Small because for some reason my connection's giving me hell with uploads. QQ.

Small because for some reason my connection’s giving me hell with uploads. QQ.

Weeelll… MMO might actually be stretching it a bit at this point. Face-to-face player interaction is pretty much limited to missions and clan halls.

The game is, at its core, a competent and rather pretty third-person shooter. It adds a few gimmicks like wallrunning and there’s a melee combat system that the devs promise will be getting some polish Any Day Now™. The main divergence is in the classes.

By now it’s pretty much no secret that I’m a raging altoholic. That means when I want to play a game, I want something where I can fire up a different character and have it play like nothing else in the game does. Warframe mixes up the shooter base with unique abilities based on the player’s titular Warframe – that being some sort of bizarre and usually slightly creepy bio-tech combat suit.

Each ‘frame has its own advantages and disadvantages. The starters are Excalibur, a sort of swordsman-type frame with a powerful AoE blind; Mag, a caster-type with magnetic abilities; and Loki, who really has little business being offered to new players, as he’s an advanced tactical stealth frame who really comes into his own once the player has acquired a few mods and knows their way around the game.

Mods? Mods. Mods are basically cards that slot into your frame and various weapons to give bonuses or abilities. All equipment levels up, from frame to melee weapon, but only the frame gains stats as it levels, and ten only at an incremental rate. The real strength unlocked by levelling is that it allows a larger budget for mods on an item. Mods also gain levels from fusing with other mods, and higher levels cost more points. This means that, while levelling, one can either equip a few levelled-up mods, or can diversify and equip several different bonuses.

There’s a polarity-matching system et cetera that’s a bit tedious to explain, but the net effect is that one has a surprising amount of leeway in build.

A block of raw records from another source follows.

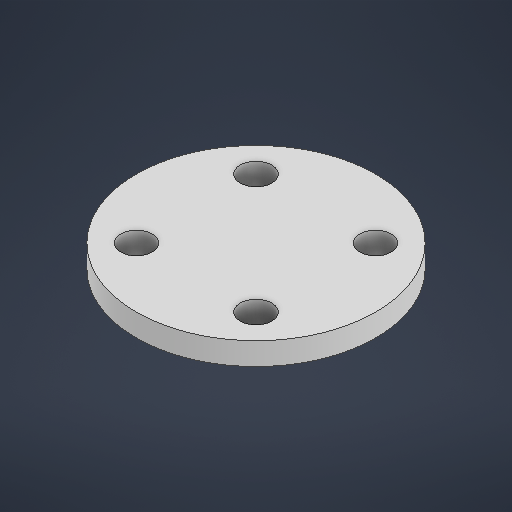
# Autodesk Inventor part: WristSpaacer
Saved by Autodesk Inventor 2025 (Build 290162000, 162)
## iProperties
Created: 2024-05-22
Part Number: WristSpaacer
Material: Generic
Document SubType Name: Modeling
Designer: avsar
Density: 1 g/cm^3
Appearance: Default
Author: avsar
Autodesk Inventor part; units mm, degrees
ref_plane "YZ Plane" through (0, 0, 0) normal (1, 0, 0) x (0, 1, 0)
ref_plane "XZ Plane" through (0, 0, 0) normal (0, 1, 0) x (-1, 0, 0)
ref_plane "XY Plane" through (0, 0, 0) normal (0, 0, 1) x (1, 0, 0)
sketch "Sketch1" plane through (0, 0, 0) normal (0, 1, 0) x (-1, 0, 0)
  circle A0 centre (0, 0) radius 16
  circle A1 centre (8, -8) radius 2.1
  circle A2 centre (8, 8) radius 2.1
  circle A3 centre (-8, 8) radius 2.1
  circle A4 centre (-8, -8) radius 2.1
  dimension "d0" = 32
  dimension "d1" = 4.2
  dimension "d2" = 8
  dimension "d3" = 8
  dimension "d6" = 360
  constraints: 5 centre point, 1 coincident, 9 other
  measures "d0" diameter of A0
  measures "d1" diameter of A1
  measures "d2" horizontal distance of point (0, 0) A1.centre
  measures "d3" horizontal distance of point (0, 0) A1.centre
extrude "Extrusion1" add sketch "Sketch1" along normal blind 3
body "Solid1"

When starting out, one picks a starter from the three frames above. Other frames with different abilities can be crafted after gathering their parts from the relevant bosses and building them based on a blueprint from the Market. The player doesn’t have different characters for each class; instead everything is shared, and the player merely equips a different frame for the alt experience.

All of this is great. I’m glossing over a lot of depth here for the sake of an overview, but trust me, it’s there. But the frame collection system leads to the inevitable monkey under the rug: this game is free to play. Dun dun dunnn!

Penny Arcade approaches Warframe with their usual tact and nuance. Frames pictured: Excalibur and god alone knows what that other thing is.

Penny Arcade approaches Warframe with their usual tact and nuance. Frames pictured: Excalibur and god alone knows what that other thing is.

As with most F2P games, you can if you like buy most of the weapons and frames available, along with a host of cosmetic contrivances. The difference is that most F2P games don’t make absolutely everything that impacts gameplay available ingame. All platinum buys you is time… with one stark exception. Inventory space reserved for frames and weapons is severely limited, and extra slots can only be bought with plat.

One does get a starting allowance sufficient to buy a few slots, and the slots certainly aren’t expensive, and moreover there’s a thriving ingame economy based around trading Void mission keys and mods for plat, so a player determined not to spend a cent can quite conceivably attain everything in the game. My personal philosophy is that if I’m enjoying the fruits of the developers’ labour, and – importantly – it doesn’t feel mandatory, it’s fair and right to pay for the privilege.

That point about mandatory spending is crucial. I understand that developers produce these products as a business venture, and that at the end of the day it must make money. Too many games thrust this crass commercialism into one’s face, though, with gating of content and grinding for anything worthwhile. What makes Warframe for me is that I don’t feel any of that pressure to ‘donate’, and perhaps perversely, that ensures that I have already made a small purchase and will doubtless make more in the future.

This is more or less what you'll be looking at most of the time, barring maybe all the darkness. Not my screenshot, since apparently I suck at snapping pics while anything interesting is going on.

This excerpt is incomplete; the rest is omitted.